Standards — How to Hit Each

  • ALS in residence completed — the hard SSgt pin prerequisite under DAFI 36-2502.
    Track the regional NCO Academy's ALS slate schedule and get your name on a class as soon as the section chief opens the slate. The NCO Academy classes fill on a first-nominated basis in most regions; the SrA who waits for the section chief to bring it up is the one waiting for the next available class. ALS is typically 24 academic days in residence; plan the leave and the position coverage conversation with the watch supervisor before the slot is confirmed.
  • ATC medical (FAA Class II equivalent) current — annual renewal with the squadron flight surgeon.
    Schedule the annual renewal 30 days before the expiration date, not the day of. The flight surgeon's appointment calendar is competitive at operational installations; scheduling late means running non-current if the first available appointment is after the expiration. Self-report any medical event that could affect the clearance before the renewal — the flight surgeon who hears about it during the exam and finds out you knew about it before the appointment has a different conversation than the one who heard about it from you first.
  • Second position certification in progress per the facility training plan.
    The number of position certifications you hold determines your deployment eligibility and your assignment competitiveness. After the first certification is signed, ask the section chief which certification to train toward next and what the typical timeline looks like. Do not wait for the trainer to assign a second certification path; ask for it. The journeyman who holds three certifications by mid-SrA is more competitive at the SSgt board and at the next assignment than the journeyman who holds one.
  • WAPS taken inside the first window available — SSgt PFE and 1C1X1 SKT on schedule per AFPC promotion message.
    Missing the first WAPS window is a promotion cycle lost. The AFPC promotion message publishes the testing window; get the test scheduled the first day the window opens. Start SKT study 90 days before the test date using the reference list in the promotion message. The SrA who tests every cycle and improves their SKT score has a better cumulative WAPS package than the one who waits for the 'right' cycle.
  • CCAF transcript building toward the Air Traffic Management or Aviation Technology AAS.
    Enroll in CCAF if you have not already — position certifications and ATC military training credit are applied to the transcript automatically after enrollment, but not retroactively. The AAS requires general education credits in addition to technical credits; the AFPC virtual education center and the base education center can advise on the fastest completion path given your current credit inventory.

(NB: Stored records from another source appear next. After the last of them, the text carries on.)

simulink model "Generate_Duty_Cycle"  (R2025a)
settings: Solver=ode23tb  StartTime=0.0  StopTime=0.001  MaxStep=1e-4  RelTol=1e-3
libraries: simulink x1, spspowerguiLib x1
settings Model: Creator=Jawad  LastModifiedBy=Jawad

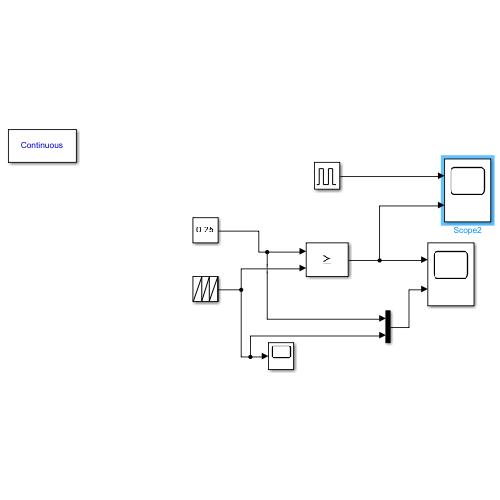
[thumbnail: Simulink's stored preview of the top-level diagram]
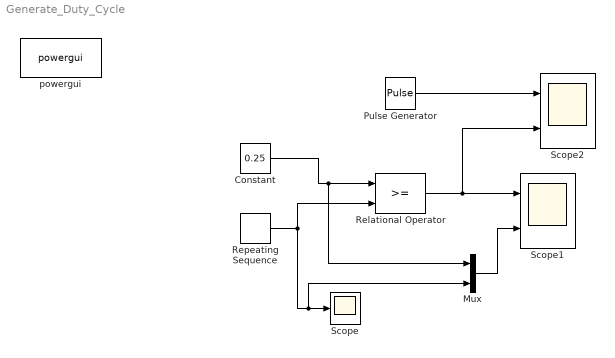
== system Generate_Duty_Cycle ==
  Constant : Constant  Value=0.25
  Mux : Mux  Inputs=2
  Pulse Generator : DiscretePulseGenerator  PulseType=Time based  Period=1/5000  PulseWidth=25
  Relational Operator : RelationalOperator  OutDataTypeStr=boolean  RndMeth=Simplest  InputSameDT=off
  Repeating Sequence : simulink/Sources/Repeating Sequence  rep_seq_t=[0 1/5000]  rep_seq_y=[0 1]
  Scope : Scope
      settings: ActiveDisplayYMinimum=-0.26580543730625927  ActiveDisplayYMaximum=1.3517764310467919
  Scope1 : Scope  NumInputPorts=2
      settings: ActiveDisplayYMinimum=0.8716624063261702  ActiveDisplayYMaximum=1.1897533163861105
  Scope2 : Scope  NumInputPorts=2
      settings: ActiveDisplayYMinimum=-0.12499999999999997  ActiveDisplayYMaximum=1.125  DataLoggingVariableName=ScopeData2
  powergui : spspowerguiLib/powergui  Priority=1  SimulationMode=Continuous  SampleTime=50e-6  frequency=60  Iterations=50  frequencyindice=60  Pbase=100e6  ErrMax=1e-4  UnitsV=kV  UnitsW=MW  buscounter=0  FunctionMessages=off  echomessages=off  EnableUseOfTLC=off  CurrentSourceSwitches=off  DisableSnubberDevices=off  DisableRonSwitches=off  DisableVfSwitches=off  DisplayEquations=off  AutomaticDiscreteSolvers=off  SolverType=Tustin/Backward Euler (TBE)  Interpol=off  ExternalGateDelay=off  methode=off  Ts=100  x0status=blocks  SPID=on  SwTol=0  HookPort=off  NonlinearTolerance=1e-4  nMaxIteration=100  ContinueOnMaxIteration=off  RestoreLinks=warning  ResistiveCurrentMeasurement=off  Frange=[0:2:500]  Ylog=off  Xlog=on  ShowGrid=off  save=off  variable=ZData  structure=0  ZoomFFT=off  StartTime=0.0  cycles=1  DisplayStyle=1  fundamental=60  FreqAxis=off  MaxFrequency=1000  frequencyindicesteady=1  RmsSteady=1  display=off
  wires:
  Constant/1 -> Mux/1, Relational Operator/1
  Repeating Sequence/1 -> Mux/2, Scope/1, Relational Operator/2
  Relational Operator/1 -> Scope2/2, Scope1/1
  Mux/1 -> Scope1/2
  Pulse Generator/1 -> Scope2/1
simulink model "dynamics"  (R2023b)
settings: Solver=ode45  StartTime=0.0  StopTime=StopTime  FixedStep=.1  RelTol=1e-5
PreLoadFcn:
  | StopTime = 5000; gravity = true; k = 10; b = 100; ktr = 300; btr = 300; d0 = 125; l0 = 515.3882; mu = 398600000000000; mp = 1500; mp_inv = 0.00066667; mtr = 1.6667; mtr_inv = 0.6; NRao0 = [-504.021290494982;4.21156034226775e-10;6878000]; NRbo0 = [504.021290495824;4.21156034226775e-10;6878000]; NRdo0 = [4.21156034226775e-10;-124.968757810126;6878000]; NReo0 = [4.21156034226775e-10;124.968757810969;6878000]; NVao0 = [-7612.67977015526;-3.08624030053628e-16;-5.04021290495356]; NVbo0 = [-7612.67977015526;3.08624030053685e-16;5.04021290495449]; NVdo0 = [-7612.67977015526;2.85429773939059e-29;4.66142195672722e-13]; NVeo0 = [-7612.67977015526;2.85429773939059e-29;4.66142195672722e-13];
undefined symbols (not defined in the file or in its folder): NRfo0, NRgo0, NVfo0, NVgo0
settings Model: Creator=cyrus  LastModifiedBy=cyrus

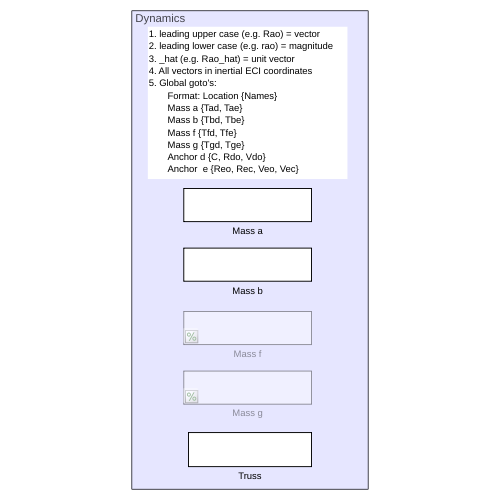
[thumbnail: Simulink's stored preview of the top-level diagram]
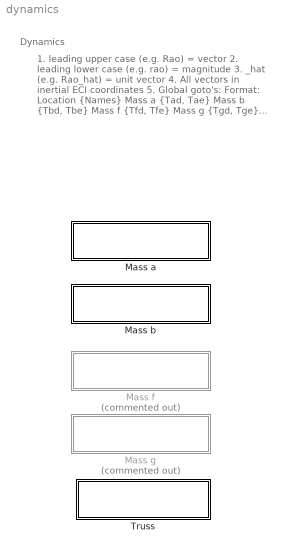
== system dynamics ==
  note: Dynamics
  note: 1. leading upper case (e.g. Rao) = vector
      | 2. leading lower case (e.g. rao) = magnitude
      | 3. _hat (e.g. Rao_hat) = unit vector
      | 4. All vectors in inertial ECI coordinates
      | 5. Global goto's:
      | 	Format: Location {Names}
      | 	Mass a {Tad, Tae}
      | 	Mass b {Tbd, Tbe}
      | 	Mass f {Tfd, Tfe}
      | 	Mass g {Tgd, Tge}
      | 	Anchor d {C, Rdo, Vdo}
      | 	Anchor  e {Reo, Rec, Veo, Vec}
  Mass a : Subsystem
  Mass b : Subsystem
  Mass f : Subsystem  Commented=on
  Mass g : Subsystem  Commented=on
  Truss : Subsystem

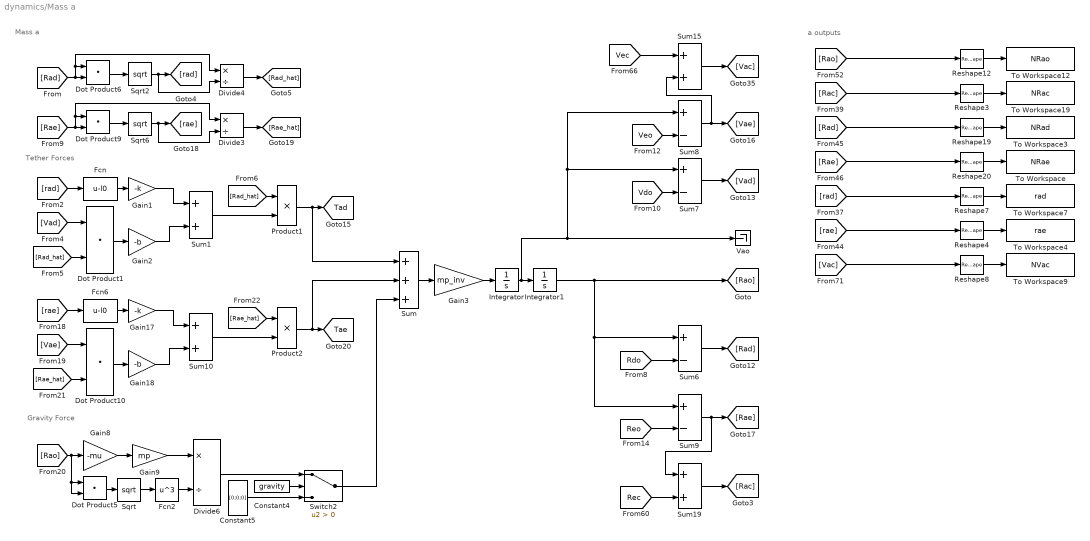
== system dynamics/Mass a ==
  note: Tether Forces
  note: Mass a
  note: Gravity Force
  note: a outputs
  Constant4 : Constant  Value=gravity
  Constant5 : Constant  Value=[0;0;0]  VectorParams1D=off
  Divide3 : Product  Inputs=*/
  Divide4 : Product  Inputs=*/
  Divide6 : Product  Inputs=*/
  Dot Product{1,5..6,9..10} (5 alike) : DotProduct  OutDataTypeStr=Inherit: Inherit via internal rule
  Fcn : Fcn  Expr=u-l0
  Fcn2 : Fcn  Expr=u^3
  Fcn6 : Fcn  Expr=u-l0
  Gain1 : Gain  Gain=-k
  Gain17 : Gain  Gain=-k
  Gain18 : Gain  Gain=-b
  Gain2 : Gain  Gain=-b
  Gain3 : Gain  Gain=mp_inv
  Gain8 : Gain  Gain=-mu
  Gain9 : Gain  Gain=mp
  Integrator : Integrator  InitialCondition=NVao0
  Integrator1 : Integrator  InitialCondition=NRao0
  Product1 : Product
  Product2 : Product
  Reshape{3..4,7..8,12,19..20} (7 alike) : Reshape
  Sqrt : Sqrt
  Sqrt2 : Sqrt
  Sqrt6 : Sqrt
  Sum : Sum  Inputs=+++
  Sum{1,10,15,19} (4 alike) : Sum
  Sum{6..9} (4 alike) : Sum  Inputs=+-
  Switch2 : Switch  Criteria=u2 > Threshold  SaturateOnIntegerOverflow=off  InputSameDT=off
  To Workspace : ToWorkspace  VariableName=NRae  SampleTime=-1
  To Workspace12 : ToWorkspace  VariableName=NRao  SampleTime=-1
      settings: Save2DSignal=2-D array (concatenate along first dimension)
  To Workspace19 : ToWorkspace  VariableName=NRac  SampleTime=-1
      settings: Save2DSignal=2-D array (concatenate along first dimension)
  To Workspace3 : ToWorkspace  VariableName=NRad  SampleTime=-1
  To Workspace4 : ToWorkspace  VariableName=rae  SampleTime=-1
      settings: Save2DSignal=2-D array (concatenate along first dimension)
  To Workspace7 : ToWorkspace  VariableName=rad  SampleTime=-1
      settings: Save2DSignal=2-D array (concatenate along first dimension)
  To Workspace9 : ToWorkspace  VariableName=NVac  SampleTime=-1
      settings: Save2DSignal=2-D array (concatenate along first dimension)
  Vao : Terminator
  tag scope: Tad=global, Tae=global
  wires:
  Sum19/1 -> [Rac]
  [rae] -> Fcn6/1
  [Rdo] -> Sum6/2
  Dot Product6/1 -> Sqrt2/1
  Gain17/1 -> Sum10/1
  [Veo] -> Sum8/2
  [Vec] -> Sum15/1
  Dot Product10/1 -> Gain18/1
  Dot Product5/1 -> Sqrt/1
  Gain18/1 -> Sum10/2
  Sum1/1 -> Product1/2
  Sqrt/1 -> Fcn2/1
  [Rad_hat] -> Product1/1
  Sum9/1 -> Sum19/1, [Rae]
  Constant5/1 -> Switch2/3
  Gain2/1 -> Sum1/2
  Sqrt2/1 -> Divide4/2, [rad]
  Sum8/1 -> Sum15/2, [Vae]
  [Rae_hat] -> Dot Product10/2
  Sum/1 -> Gain3/1
  Integrator1/1 -> [Rao], Sum6/1, Sum9/1
  Fcn2/1 -> Divide6/2
  [rad] -> Fcn/1
  [Rae_hat] -> Product2/1
  Gain3/1 -> Integrator/1
  Gain9/1 -> Divide6/1
  [Rad_hat] -> Dot Product1/2
  Divide4/1 -> [Rad_hat]
  [Rao] -> Dot Product5/2, Dot Product5/1, Gain8/1
  Product2/1 -> Sum/2, [Tae]
  [Rad] -> Divide4/1, Dot Product6/1, Dot Product6/2
  Fcn/1 -> Gain1/1
  Constant4/1 -> Switch2/2
  Gain1/1 -> Sum1/1
  [Vad] -> Dot Product1/1
  Sum10/1 -> Product2/2
  [Reo] -> Sum9/2
  Sum15/1 -> [Vac]
  Dot Product1/1 -> Gain2/1
  Switch2/1 -> Sum/3
  Gain8/1 -> Gain9/1
  Sum7/1 -> [Vad]
  [Rae] -> Divide3/1, Dot Product9/1, Dot Product9/2
  [Rec] -> Sum19/2
  Sqrt6/1 -> Divide3/2, [rae]
  Divide6/1 -> Switch2/1
  [Vdo] -> Sum7/2
  Fcn6/1 -> Gain17/1
  Product1/1 -> Sum/1, [Tad]
  Dot Product9/1 -> Sqrt6/1
  Integrator/1 -> Integrator1/1, Vao/1, Sum7/1, Sum8/1
  Divide3/1 -> [Rae_hat]
  Sum6/1 -> [Rad]
  [Vae] -> Dot Product10/1
  Reshape4/1 -> To Workspace4/1
  Reshape19/1 -> To Workspace3/1
  Reshape8/1 -> To Workspace9/1
  Reshape12/1 -> To Workspace12/1
  [Rad] -> Reshape19/1
  Reshape20/1 -> To Workspace/1
  [Rae] -> Reshape20/1
  [rad] -> Reshape7/1
  Reshape7/1 -> To Workspace7/1
  [Vac] -> Reshape8/1
  [Rao] -> Reshape12/1
  [rae] -> Reshape4/1
  [Rac] -> Reshape3/1
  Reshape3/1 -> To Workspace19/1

Technical Mistakes — Concrete Consequences

  • Issuing a clearance to an aircraft not yet positively identified on radar.
    Radar identification procedures in the 7110.65 exist specifically to prevent a data block with the right callsign from being confused with the aircraft's actual position. Issuing a clearance to an unidentified aircraft means your separation picture is based on an assumed position. When the aircraft's actual position differs from the assumed one, the separation you calculated is wrong, the clearance is wrong, and the tape shows you issuing it without the identification step that the 7110.65 requires. The pilot deviation review starts with that tape.
  • Failing to transfer communications at the coordination point and assuming the next sector picked up the traffic.
    The aircraft checks in at the receiving facility without a handoff and without a data block. The receiving controller has no traffic information, no altitude, no routing. The aircraft is now in the receiving facility's airspace with no coordination — a conflict with established traffic in that airspace is now a possibility rather than an impossibility. The two-facility review of the event starts with both tapes and both facility logs; the controller who failed the handoff has the first call to explain.
  • Skipping the EPB self-input and letting the SSgt build bullets from memory.
    The SSgt writes EPB bullets from the facility log and from what you give them. The facility log captures events but does not capture context — the busy Friday afternoon sequence you worked cleanly, the OJT session where the A1C turned a corner, the coordination call to the adjacent facility that you handled when the SSgt was on a break. If you do not give the SSgt the specific, observable, impact-linked bullets, the EPB reflects the log events only. The Stratification differential between two SrAs with the same certification count often comes down to whose EPB bullets told the story better.
  • Missing the ALS slot and losing an SSgt promotion cycle.
    ALS in residence is a hard prerequisite for SSgt promotion eligibility under DAFI 36-2502. The SrA who misses the available slot and has no follow-on slot confirmed loses the promotion cycle entirely — not points on the board, the cycle. One lost cycle at the SrA-to-SSgt transition is 18-36 months of promotion delay. The section chief cannot waive this requirement; the WAPS points do not substitute for it.
  • Assuming the 7110.65 domestic procedures apply at an OCONUS or joint facility without reading the facility's Letter of Agreement.
    The facility LOA is the legally binding agreement between the AF facility and the host nation aviation authority or the FAA governing how responsibilities are divided and where procedures deviate from the standard baseline. A controller who applies domestic 7110.65 procedures at a point where the LOA specifies ICAO procedures is creating a coordination gap with the adjacent facility or the host nation authority. The MAJCOM ATC inspector audits the LOA; a controller who cannot explain the LOA's deviations is a finding.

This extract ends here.